# Progress pics of my second drawing. Alsatian Dog.



## Jaz15 (May 2, 2015)

Just loved this photo and the dog. It's my friends Alsatian dog Rudi. This one took about 7/8 hours yesterday, still on the same paper but with my new pencils. Any ideas how to improve it welcome.


----------



## TerryCurley (Jan 4, 2015)

Really good job. You get a lot of detail in your pictures.


----------



## Susan Mulno (Apr 13, 2015)

Very well done!

What I notice, is somehow the tongue (where it protrudes from the mouth) doesn't translate well, maybe in the shadowing?

The best way to improve is just keep doing it, practice, practice, practice! 

And, have fun!


----------



## chanda95 (Apr 6, 2011)

This is WONDERFUL! I do agree that maybe a little more work could be done in the tongue/mouth area (deeper shading in the mouth and at the base of the tongue) however overall it's a very nicely done drawing!


----------



## Jaz15 (May 2, 2015)

Yeah I did rush the tongue a little and should have done more work on that area.
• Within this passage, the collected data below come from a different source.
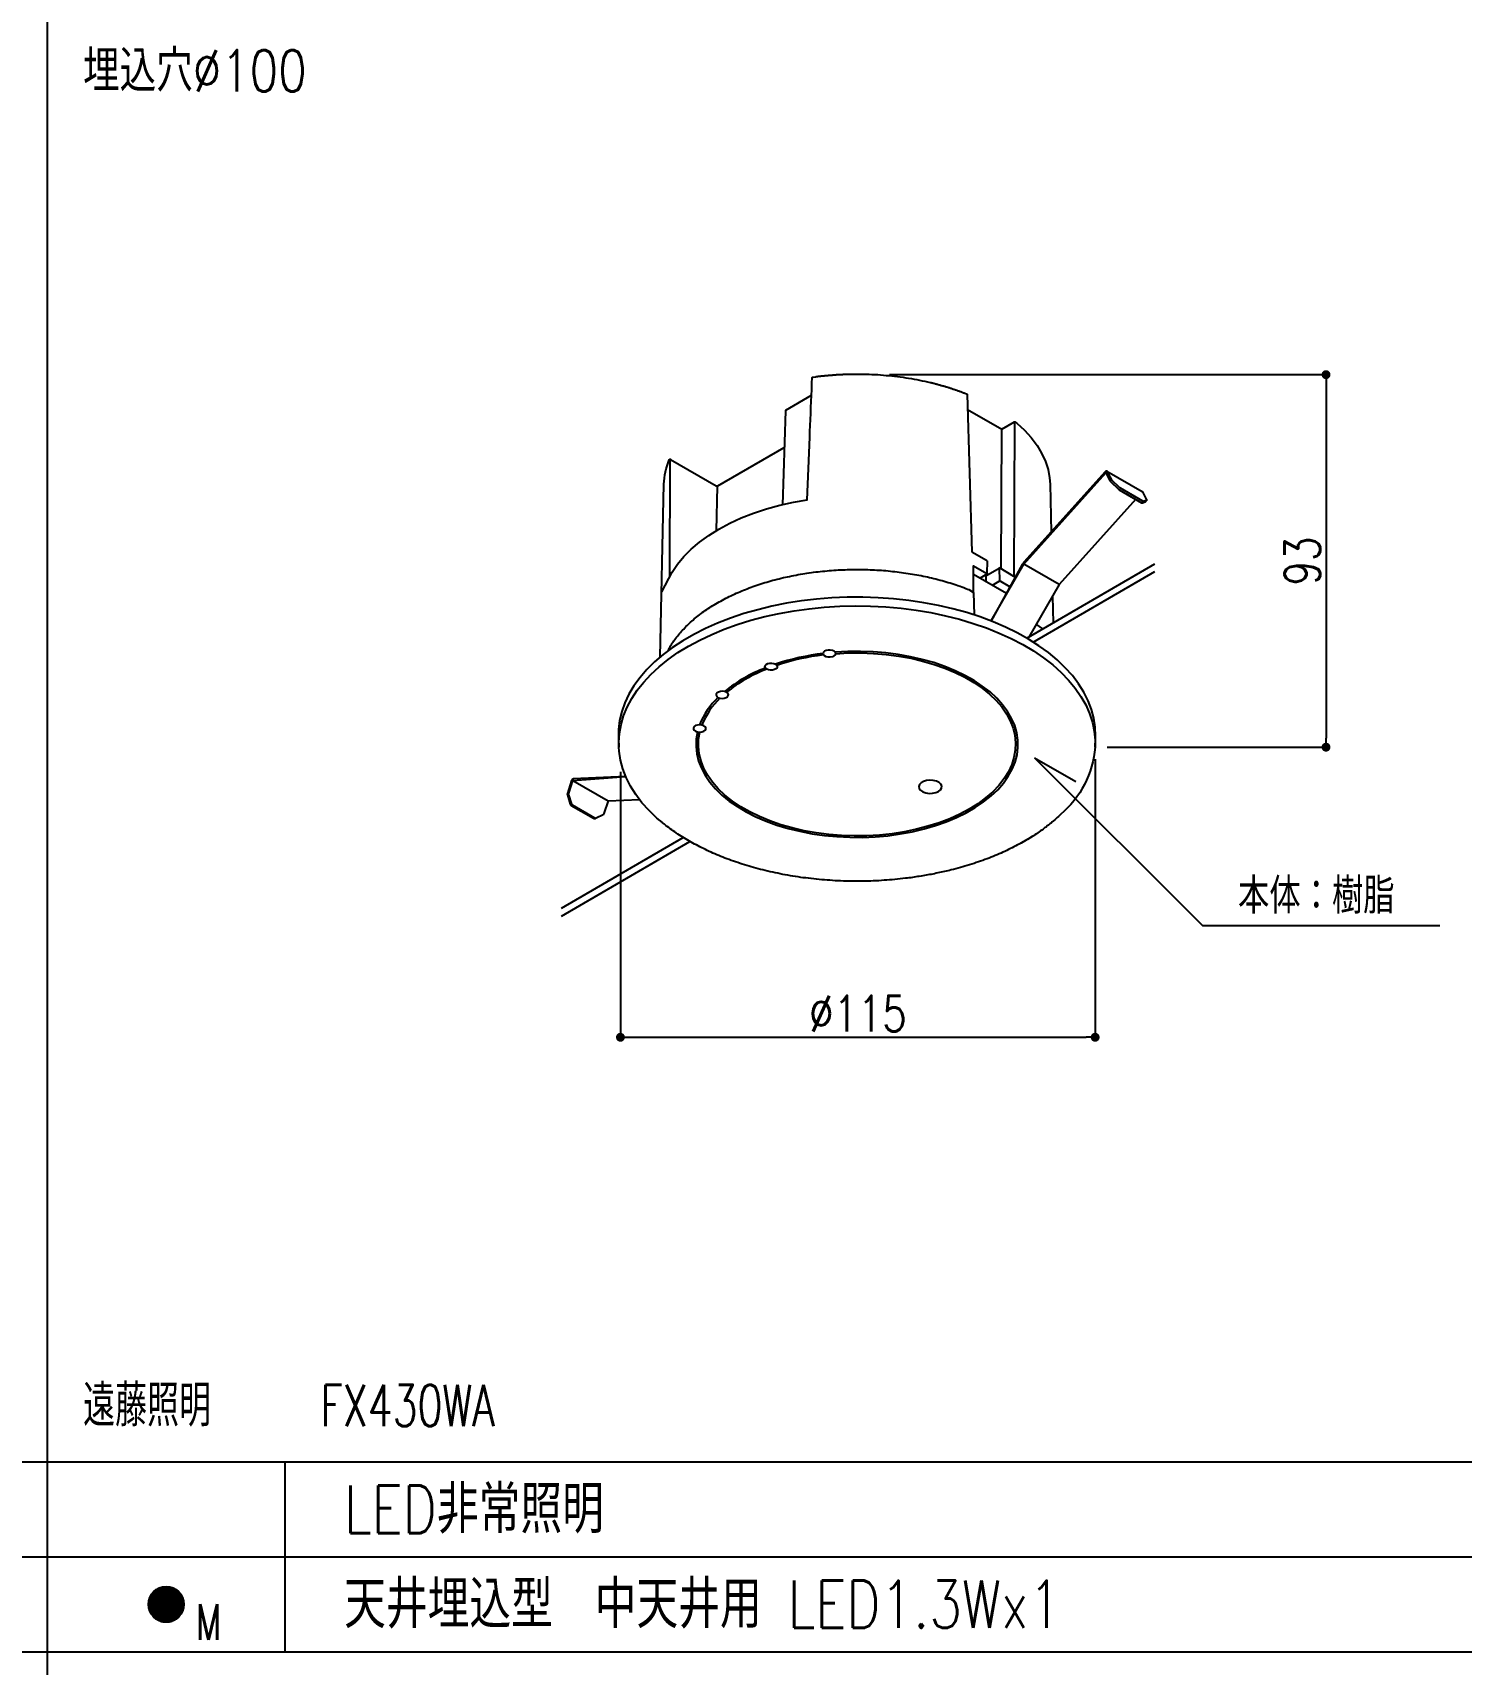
# Model space of a CAD drawing. Header units: millimetres. Extents: x 14 to 828, y 15 to 581.
# Drawn here: x 554.2 to 674.7, y 289.4 to 426.9 of the extents above; entities that cross this region are included whole.
import ezdxf

# ---------------------------------------------------------------- set-up
doc = ezdxf.new("R2010")
doc.units = ezdxf.units.MM
doc.header["$LTSCALE"] = 0.2
doc.layers.get('Defpoints').update_dxf_attribs({"color": 5})
for name, color, linetype in [('1_シンボル', 2, 'Continuous'), ('1_寸法', 7, 'Continuous'), ('1_文字', 3, 'Continuous'), ('1_表', 7, 'Continuous')]:
    doc.layers.add(name, color=color, linetype=linetype)
doc.styles.add('Dim', font='simplex.shx', dxfattribs={"width": 0.8, "bigfont": 'extfont2.shx'})
doc.styles.get("Standard").update_dxf_attribs({"font": 'simplex.shx', "width": 0.8, "bigfont": 'extfont2.shx'})
doc.dimstyles.new('1-1', dxfattribs={"dimtxt": 3, "dimasz": 0.75, "dimexe": 0, "dimexo": 1, "dimgap": 0.5, "dimtad": 1, "dimdec": 0, "dimtxsty": 'Dim', "dimblk": 'DOT', "dimcen": 2.5, "dimadec": 0, "dimazin": 0, "dimtfac": 1, "dimtdec": 0, "dimtix": 1, "dimtmove": 2, "dimatfit": 3, "dimldrblk": '引出', "dimfxl": 1, "dimlwd": -1, "dimlwe": -1, "dimarcsym": 0})

# ---------------------------------------------------------------- blocks, each defined once
blk = doc.blocks.new('_Dot')
at = {"color": 0, "linetype": 'ByBlock', "lineweight": -2}
blk.add_line((-0.5, 0), (-1, 0), dxfattribs=at)
at = {"color": 0, "linetype": 'ByBlock', "const_width": 0.5}
blk.add_lwpolyline([(-0.25, 0, 1), (0.25, 0, 1)], format="xyb", close=True, dxfattribs=at)
blk = doc.blocks.new('*D33')
at = {"layer": '1_寸法', "color": 0, "transparency": 16777216}
for p, q in [((603.79, 364.59), (603.79, 342.23)), ((643.8, 365.68), (643.8, 342.23)), ((604.54, 342.23), (643.05, 342.23))]:
    blk.add_line(p, q, dxfattribs=at)
at = {"layer": 'Defpoints', "color": 0, "transparency": 16777216}
for p in [(643.8, 366.68), (603.79, 365.59), (643.8, 342.23)]:
    blk.add_point(p, dxfattribs=at)
at = {"layer": '1_寸法', "color": 0, "transparency": 16777216, "xscale": 0.75, "yscale": 0.75, "zscale": 0.75, "rotation": 180}
blk.add_blockref('_Dot', (603.79, 342.23), dxfattribs=at)
at = {"layer": '1_寸法', "color": 0, "transparency": 16777216, "xscale": 0.75, "yscale": 0.75, "zscale": 0.75}
blk.add_blockref('_Dot', (643.8, 342.23), dxfattribs=at)
at = {"layer": '1_寸法', "color": 0, "transparency": 16777216, "insert": (623.8, 344.23), "char_height": 3, "attachment_point": 5, "style": 'Dim'}
blk.add_mtext('%%C115', dxfattribs=at)
blk = doc.blocks.new('引出')
at = {"color": 0, "linetype": 'ByBlock', "lineweight": -2}
for p, q in [((-3.86, 1.04), (0, 0)), ((0, 0), (-1, 0))]:
    blk.add_line(p, q, dxfattribs=at)
blk = doc.blocks.new('*D34')
at = {"layer": '1_寸法', "color": 0, "transparency": 16777216}
for p, q in [((626.47, 398.08), (663.26, 398.08)), ((663.26, 397.33), (663.26, 367.43)), ((644.8, 366.68), (663.26, 366.68))]:
    blk.add_line(p, q, dxfattribs=at)
at = {"layer": 'Defpoints', "color": 0, "transparency": 16777216}
for p in [(625.47, 398.08), (643.8, 366.68), (663.26, 366.68)]:
    blk.add_point(p, dxfattribs=at)
at = {"layer": '1_寸法', "color": 0, "transparency": 16777216, "xscale": 0.75, "yscale": 0.75, "zscale": 0.75}
for p, rotation in [((663.26, 398.08), 90), ((663.26, 366.68), 270)]:
    blk.add_blockref('_Dot', p, dxfattribs=dict(at, rotation=rotation))
at = {"layer": '1_寸法', "color": 0, "transparency": 16777216, "insert": (661.26, 382.38), "char_height": 3, "attachment_point": 5, "rotation": 90, "style": 'Dim'}
blk.add_mtext('93', dxfattribs=at)
blk = doc.blocks.new('L-DLC')
at = {"linetype": 'ByBlock'}
h = blk.add_hatch(dxfattribs=at)
h.set_pattern_fill('LINE', color=0, style=0)
h.set_pattern_definition([(0, (-30500, -18700), (0, 3.175), [])])
edge = h.paths.add_edge_path()
edge.add_arc((0, 0), 150, 0, 360)
at = {"color": 0, "linetype": 'ByBlock'}
blk.add_circle((0, 0), 150, dxfattribs=at)

msp = doc.modelspace()

# ---------------------------------------------------------------- linework, layer by layer
at = {"layer": '1_シンボル', "color": 7}
for points in [[(607.27, 379.77), (608.14, 381.43), (608.59, 382.1), (609.13, 382.75), (609.75, 383.37), (610.45, 383.97), (611.23, 384.53), (612.08, 385.06), (613, 385.55), (613.97, 386), (615.01, 386.4), (616.09, 386.76), (617.21, 387.07), (618.38, 387.32), (619.52, 387.52), (619.74, 392.8), (619.76, 393.3), (619.78, 393.8), (619.81, 394.31), (619.83, 394.81), (619.85, 395.31), (619.87, 395.82), (619.89, 396.32), (619.91, 396.83), (619.93, 397.33), (619.96, 397.84), (619.96, 397.84), (619.96, 397.85), (619.97, 397.85), (619.97, 397.86), (619.97, 397.86), (619.98, 397.86), (619.98, 397.87), (619.99, 397.87), (619.99, 397.87), (620, 397.87), (620, 397.88), (620.01, 397.88), (620.01, 397.88), (620.02, 397.88), (620.03, 397.88), (620.26, 397.91), (620.29, 397.92), (620.32, 397.92), (620.36, 397.92), (620.39, 397.93), (620.42, 397.93), (620.45, 397.94), (620.49, 397.94), (620.52, 397.94), (620.55, 397.95), (620.59, 397.95), (620.62, 397.96), (620.65, 397.96), (620.69, 397.96), (620.72, 397.97), (620.75, 397.97), (620.79, 397.97), (620.82, 397.98), (620.85, 397.98), (620.89, 397.98), (620.92, 397.99), (620.95, 397.99), (620.99, 397.99), (621.02, 398), (621.05, 398), (621.09, 398), (621.12, 398.01), (621.15, 398.01), (621.19, 398.01), (621.22, 398.02), (621.25, 398.02), (621.28, 398.02), (621.32, 398.03), (621.35, 398.03), (621.39, 398.03), (621.42, 398.03), (621.45, 398.04), (621.49, 398.04), (621.52, 398.04), (621.55, 398.05), (621.59, 398.05), (621.62, 398.05), (621.65, 398.05), (621.69, 398.06), (621.72, 398.06), (621.75, 398.06), (621.79, 398.06), (621.82, 398.06), (621.85, 398.07), (621.89, 398.07), (621.92, 398.07), (621.95, 398.07), (621.99, 398.08), (622.02, 398.08), (622.05, 398.08), (622.09, 398.08), (622.12, 398.08), (622.15, 398.09), (622.19, 398.09), (622.22, 398.09), (622.26, 398.09), (622.29, 398.09), (622.32, 398.09), (622.36, 398.1), (622.39, 398.1), (622.42, 398.1), (622.46, 398.1), (622.49, 398.1), (622.52, 398.1), (622.56, 398.11), (622.59, 398.11), (622.63, 398.11), (622.66, 398.11), (622.69, 398.11), (622.73, 398.11), (622.76, 398.11), (622.79, 398.11), (622.83, 398.12), (622.86, 398.12), (622.9, 398.12), (622.93, 398.12), (622.96, 398.12), (623, 398.12), (623.03, 398.12), (623.06, 398.12), (623.1, 398.12), (623.13, 398.12), (623.17, 398.12), (623.2, 398.12), (623.23, 398.13), (623.27, 398.13), (623.3, 398.13), (623.54, 398.13), (623.78, 398.13), (624.03, 398.13), (624.27, 398.12), (624.51, 398.12), (624.75, 398.11), (624.99, 398.1), (625.23, 398.09), (625.47, 398.08), (625.71, 398.06), (625.95, 398.04), (626.19, 398.02), (626.43, 398), (626.67, 397.97), (626.9, 397.95), (627.14, 397.92), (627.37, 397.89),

What I'm finding more difficult is getting the difference in coat color showing the light and dark tones throughout the picture. Practice Practice though you are right & I must try _not_ to rush, my biggest problem but happy to be drawing again. Thanks everyone.


----------



## FanKi (Apr 23, 2015)

Beautiful!


----------



## devanita (May 2, 2015)

I love this one. Well done!!


----------



## Bushcraftonfire (Apr 22, 2015)

Not much to say to improve it.. It's terrific.. 

I would be careful in the future not to put bends in your paper.. they tend to stick out like a sore thumb (Don't ask how I know  )

D


----------